之后,色靓准备再认真的考虑一下下一步的步伐时,司徒璞又不知从哪变出了一块抹茶蛋糕,把她好不容易整理好思路全都打乱了。最近,两人相处的不错,司徒璞对破案的线索思路虽然不敏感,但是对枪械、狙击这方面却是顶呱呱的,绝对大神级别,色靓也是枪械发烧友,常常向他请教。于是,为了友谊她又好给面子的全都吃光。

吃完后,还没个放屁的功夫,她刚刚想起了早上吕白向她求婚这事的时候,司徒璞绕到她身边,“中午了,一起去食堂”。

【我在食堂吃了,你自己去吃吧。】回了吕白短信,她开始吃鸡柳、吃蘑菇,色靓从小就不是矫情的人,两个人用一双筷子这事儿倒也不算啥。上大学时,一块地瓜全寝一人一口轮流吃基本天天都上演。

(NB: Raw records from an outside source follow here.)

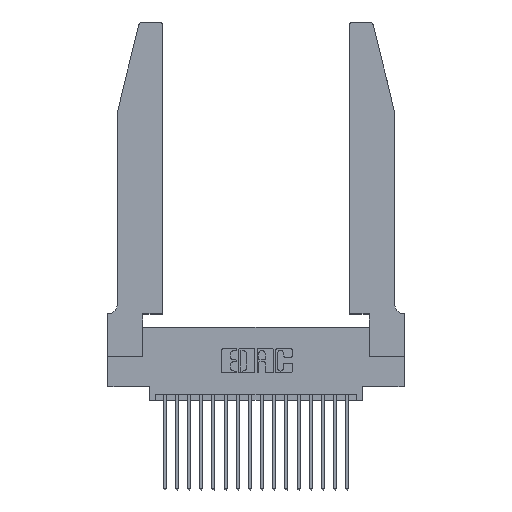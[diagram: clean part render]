
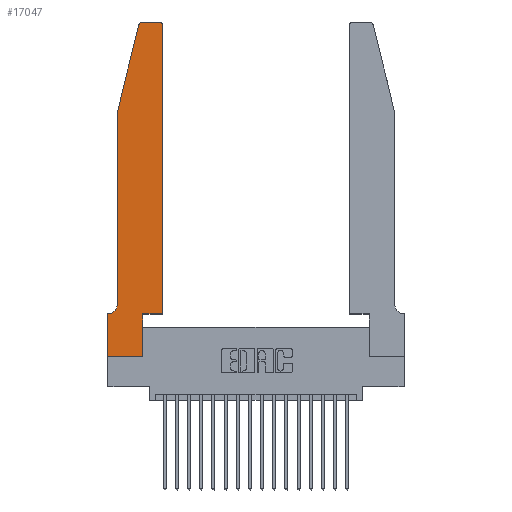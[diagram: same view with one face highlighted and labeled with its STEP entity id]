
A CAD part, top view. The second image highlights one B-rep face of the part: STEP entity #17047.
In plain terms, the highlighted planar face has unit normal (0, 0, 1).
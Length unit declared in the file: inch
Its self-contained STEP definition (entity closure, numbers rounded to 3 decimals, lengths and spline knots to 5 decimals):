
#54 = EDGE_CURVE ( 'NONE', #509, #8735, #18047, .T. ) ;
#371 = ORIENTED_EDGE ( 'NONE', *, *, #1451, .T. ) ;
#509 = VERTEX_POINT ( 'NONE', #17318 ) ;
#951 = VECTOR ( 'NONE', #1457, 39.37008 ) ;
#1002 = DIRECTION ( 'NONE',  ( 0., 0., 1. ) ) ;
#1340 = DIRECTION ( 'NONE',  ( 0., 0., 1. ) ) ;
#1374 = LINE ( 'NONE', #19418, #10058 ) ;
#1417 = VERTEX_POINT ( 'NONE', #4152 ) ;
#1451 = EDGE_CURVE ( 'NONE', #13313, #13739, #20939, .T. ) ;
#1457 = DIRECTION ( 'NONE',  ( 1., 0., 0. ) ) ;
#1460 = CARTESIAN_POINT ( 'NONE',  ( 0.2865, 0.35, 0.37 ) ) ;
#1498 = LINE ( 'NONE', #16022, #951 ) ;
#1905 = ORIENTED_EDGE ( 'NONE', *, *, #6843, .T. ) ;
#2422 = ORIENTED_EDGE ( 'NONE', *, *, #19649, .T. ) ;
#2822 = VERTEX_POINT ( 'NONE', #12686 ) ;
#2875 = VERTEX_POINT ( 'NONE', #12824 ) ;
#3305 = EDGE_CURVE ( 'NONE', #2822, #9275, #16596, .T. ) ;
#3934 = DIRECTION ( 'NONE',  ( -1., 0., 0. ) ) ;
#4152 = CARTESIAN_POINT ( 'NONE',  ( 0.4505, 2.72, 0.37 ) ) ;
#4226 = VECTOR ( 'NONE', #3934, 39.37008 ) ;
#5204 = DIRECTION ( 'NONE',  ( 0., 0., -1. ) ) ;
#5249 = EDGE_CURVE ( 'NONE', #1417, #8961, #20231, .T. ) ;
#5583 = DIRECTION ( 'NONE',  ( 1., 0., 0. ) ) ;
#5723 = DIRECTION ( 'NONE',  ( -0.239, -0.971, 0. ) ) ;
#6081 = CARTESIAN_POINT ( 'NONE',  ( 0.4205, 2.75, 0.37 ) ) ;
#6629 = DIRECTION ( 'NONE',  ( 0., 1., 0. ) ) ;
#6688 = CARTESIAN_POINT ( 'NONE',  ( 0.2865, 0.35, 0.37 ) ) ;
#6843 = EDGE_CURVE ( 'NONE', #2875, #13313, #9479, .T. ) ;
#7034 = VECTOR ( 'NONE', #5723, 39.37008 ) ;
#7166 = CARTESIAN_POINT ( 'NONE',  ( 0.2605, 2.75, 0.37 ) ) ;
#7242 = CARTESIAN_POINT ( 'NONE',  ( 0., 0., 0.37 ) ) ;
#7247 = ORIENTED_EDGE ( 'NONE', *, *, #15162, .T. ) ;
#7620 = DIRECTION ( 'NONE',  ( 0., -1., 0. ) ) ;
#7765 = CARTESIAN_POINT ( 'NONE',  ( 0.4505, 0.35, 0.37 ) ) ;
#8170 = CARTESIAN_POINT ( 'NONE',  ( 0.25487, 2.72718, 0.37 ) ) ;
#8223 = VECTOR ( 'NONE', #8374, 39.37008 ) ;
#8374 = DIRECTION ( 'NONE',  ( 0., 1., 0. ) ) ;
#8735 = VERTEX_POINT ( 'NONE', #11667 ) ;
#8888 = CARTESIAN_POINT ( 'NONE',  ( 0.284, 2.75, 0.37 ) ) ;
#8961 = VERTEX_POINT ( 'NONE', #6081 ) ;
#9033 = CARTESIAN_POINT ( 'NONE',  ( 0.0755, 0.35, 0.37 ) ) ;
#9182 = ORIENTED_EDGE ( 'NONE', *, *, #15832, .T. ) ;
#9275 = VERTEX_POINT ( 'NONE', #19882 ) ;
#9479 = LINE ( 'NONE', #7242, #17491 ) ;
#9897 = AXIS2_PLACEMENT_3D ( 'NONE', #11082, #1340, #12687 ) ;
#10058 = VECTOR ( 'NONE', #6629, 39.37008 ) ;
#10144 = EDGE_LOOP ( 'NONE', ( #12429, #12339, #7247, #16080, #9182, #13058, #18904, #1905, #371, #14079, #2422, #13237 ) ) ;
#10799 = CARTESIAN_POINT ( 'NONE',  ( 0.284, 2.72, 0.37 ) ) ;
#10804 = LINE ( 'NONE', #16924, #7034 ) ;
#11005 = CIRCLE ( 'NONE', #20315, 0.07 ) ;
#11082 = CARTESIAN_POINT ( 'NONE',  ( 0.4205, 2.72, 0.37 ) ) ;
#11240 = DIRECTION ( 'NONE',  ( 0., -1., 0. ) ) ;
#11667 = CARTESIAN_POINT ( 'NONE',  ( 0.0755, 0.42, 0.37 ) ) ;
#11940 = PLANE ( 'NONE',  #12988 ) ;
#12044 = EDGE_CURVE ( 'NONE', #14574, #12271, #12161, .T. ) ;
#12161 = CIRCLE ( 'NONE', #19361, 0.03 ) ;
#12206 = EDGE_CURVE ( 'NONE', #13739, #19024, #1498, .T. ) ;
#12271 = VERTEX_POINT ( 'NONE', #8170 ) ;
#12339 = ORIENTED_EDGE ( 'NONE', *, *, #12044, .T. ) ;
#12374 = DIRECTION ( 'NONE',  ( 1., 0., 0. ) ) ;
#12429 = ORIENTED_EDGE ( 'NONE', *, *, #15981, .T. ) ;
#12686 = CARTESIAN_POINT ( 'NONE',  ( 0.0055, 0.35, 0.37 ) ) ;
#12687 = DIRECTION ( 'NONE',  ( 1., 0., 0. ) ) ;
#12824 = CARTESIAN_POINT ( 'NONE',  ( 0., 0., 0.37 ) ) ;
#12909 = EDGE_CURVE ( 'NONE', #9275, #2875, #17894, .T. ) ;
#12988 = AXIS2_PLACEMENT_3D ( 'NONE', #13561, #15177, #5583 ) ;
#13058 = ORIENTED_EDGE ( 'NONE', *, *, #3305, .T. ) ;
#13237 = ORIENTED_EDGE ( 'NONE', *, *, #5249, .T. ) ;
#13313 = VERTEX_POINT ( 'NONE', #13633 ) ;
#13561 = CARTESIAN_POINT ( 'NONE',  ( 0., 0.35, 0.37 ) ) ;
#13633 = CARTESIAN_POINT ( 'NONE',  ( 0.2865, 0., 0.37 ) ) ;
#13639 = VECTOR ( 'NONE', #7620, 39.37008 ) ;
#13739 = VERTEX_POINT ( 'NONE', #6688 ) ;
#14079 = ORIENTED_EDGE ( 'NONE', *, *, #12206, .T. ) ;
#14391 = CARTESIAN_POINT ( 'NONE',  ( 0.0755, 2., 0.37 ) ) ;
#14574 = VERTEX_POINT ( 'NONE', #8888 ) ;
#14793 = CARTESIAN_POINT ( 'NONE',  ( 0.0055, 0.42, 0.37 ) ) ;
#14879 = FACE_OUTER_BOUND ( 'NONE', #10144, .T. ) ;
#15162 = EDGE_CURVE ( 'NONE', #12271, #509, #10804, .T. ) ;
#15177 = DIRECTION ( 'NONE',  ( 0., 0., 1. ) ) ;
#15415 = DIRECTION ( 'NONE',  ( -1., 0., 0. ) ) ;
#15611 = CARTESIAN_POINT ( 'NONE',  ( 0., 0., 0.37 ) ) ;
#15832 = EDGE_CURVE ( 'NONE', #8735, #2822, #11005, .T. ) ;
#15981 = EDGE_CURVE ( 'NONE', #8961, #14574, #20718, .T. ) ;
#16022 = CARTESIAN_POINT ( 'NONE',  ( 0.4505, 0.35, 0.37 ) ) ;
#16080 = ORIENTED_EDGE ( 'NONE', *, *, #54, .T. ) ;
#16410 = DIRECTION ( 'NONE',  ( -1., 0., 0. ) ) ;
#16596 = LINE ( 'NONE', #9033, #20311 ) ;
#16924 = CARTESIAN_POINT ( 'NONE',  ( 0.0755, 2., 0.37 ) ) ;
#17047 = ADVANCED_FACE ( 'NONE', ( #14879 ), #11940, .T. ) ;
#17318 = CARTESIAN_POINT ( 'NONE',  ( 0.0755, 2., 0.37 ) ) ;
#17491 = VECTOR ( 'NONE', #18590, 39.37008 ) ;
#17556 = VECTOR ( 'NONE', #11240, 39.37008 ) ;
#17894 = LINE ( 'NONE', #15611, #13639 ) ;
#18047 = LINE ( 'NONE', #14391, #17556 ) ;
#18590 = DIRECTION ( 'NONE',  ( 1., 0., 0. ) ) ;
#18904 = ORIENTED_EDGE ( 'NONE', *, *, #12909, .T. ) ;
#19024 = VERTEX_POINT ( 'NONE', #7765 ) ;
#19361 = AXIS2_PLACEMENT_3D ( 'NONE', #10799, #1002, #12374 ) ;
#19418 = CARTESIAN_POINT ( 'NONE',  ( 0.4505, 0.35, 0.37 ) ) ;
#19649 = EDGE_CURVE ( 'NONE', #19024, #1417, #1374, .T. ) ;
#19882 = CARTESIAN_POINT ( 'NONE',  ( 0., 0.35, 0.37 ) ) ;
#20231 = CIRCLE ( 'NONE', #9897, 0.03 ) ;
#20311 = VECTOR ( 'NONE', #15415, 39.37008 ) ;
#20315 = AXIS2_PLACEMENT_3D ( 'NONE', #14793, #5204, #16410 ) ;
#20718 = LINE ( 'NONE', #7166, #4226 ) ;
#20939 = LINE ( 'NONE', #1460, #8223 ) ;

只是这一筷子一筷子的菜源源不继夹来,她的胃有点儿撑的受不了,色靓手在桌下悄悄抚上了胃。她有轻微的胃病,饿一点还好说,但只要吃多一点儿就胃胀的要命,比饿着还难受。

“司徒璞,你吃吧,我饱了”。

司徒璞哦了一声,打量她几眼,快速的往嘴里扒饭。

走出食堂时,外面飘起了小雪花,初冬的雪是存不住的,天一晴到处都是稀溜溜的,十分费鞋。色靓回到办公室,第一眼看到了怒气冲天的颜博正抱着胳膊坐在她的座位上。

色靓左右看了看,没发现吕品,“你怎么来了”?

“你。”颜博指指她,“去把吕品给我弄回来”。

“怎么了”?

“快点去,回头再让你免费看戏”。

颜博以向来不讲信用而闻名,等会儿把吕品找回来,她肯定拉着就跑,有气的话干脆找个没人的地方干一架,才不会白白便宜给别人看。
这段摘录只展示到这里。